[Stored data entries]
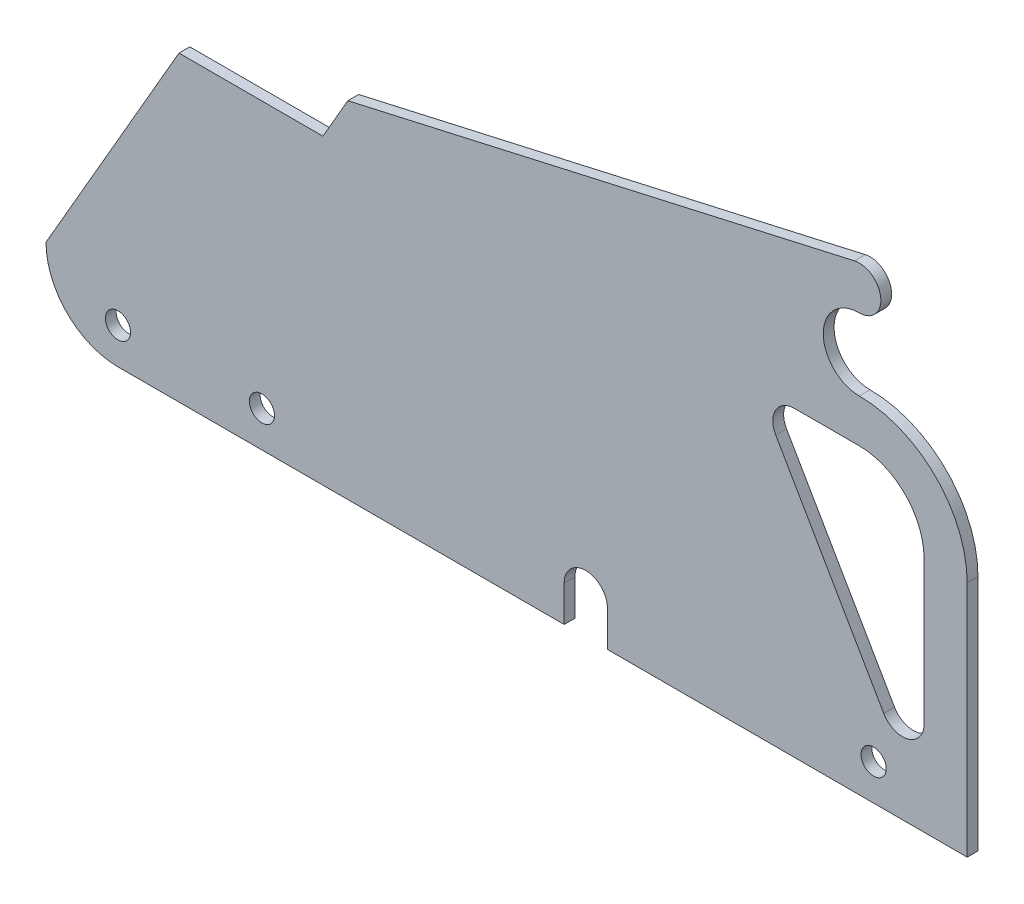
from build123d import *

# Parameters (mm, degrees)
SKETCH1_R      = 1.75
EXTRUDE1_DEPTH = 1.5


with BuildPart() as part:
    # Sketch1 → Extrude1 (new body)
    with BuildSketch(Plane.XY):
        with BuildLine():
            Line((0, 33), (0, 0))
            Line((0, 0), (-50, 0))
            Line((-50, 0), (-50, 5))
            ThreePointArc((-50, 5), (-53, 8), (-56, 5))
            Line((-56, 5), (-56, 0))
            Line((-56, 0), (-118, 0))
            ThreePointArc((-118, 0), (-125.071067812, 2.928932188), (-128, 10))
            Line((-128, 10), (-109.524791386, 42))
            Line((-109.524791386, 42), (-89.524791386, 42))
            Line((-89.524791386, 42), (-86.060689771, 48))
            Line((-86.060689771, 48), (-15.661951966, 63.926058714))
            ThreePointArc((-15.661951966, 63.926058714), (-12.018542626, 61.333034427), (-15, 58))
            ThreePointArc((-15, 58), (-20, 53), (-15, 48))
            ThreePointArc((-15, 48), (-4.393398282, 43.606601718), (0, 33))
        make_face()
        with Locations((-13, 5)):
            Circle(SKETCH1_R, mode=Mode.SUBTRACT)
        with Locations((-98, 5)):
            Circle(SKETCH1_R, mode=Mode.SUBTRACT)
        with Locations((-118, 5)):
            Circle(SKETCH1_R, mode=Mode.SUBTRACT)
        with BuildLine():
            Line((-6, 33), (-6, 13))
            ThreePointArc((-6, 13), (-8.223542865, 10.102222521), (-11.598076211, 11.5))
            Line((-11.598076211, 11.5), (-26.60918321, 37.5))
            ThreePointArc((-26.60918321, 37.5), (-26.60918321, 40.5), (-24.011106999, 42))
            Line((-24.011106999, 42), (-15, 42))
            ThreePointArc((-15, 42), (-8.636038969, 39.363961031), (-6, 33))
        make_face(mode=Mode.SUBTRACT)
    extrude(amount=EXTRUDE1_DEPTH)


solid = part.part

### TASK TO COMPLETE:
Each line above that contains the word "part" should be returned.

### WRITTEN RESPONSE:
with BuildPart() as part:
solid = part.part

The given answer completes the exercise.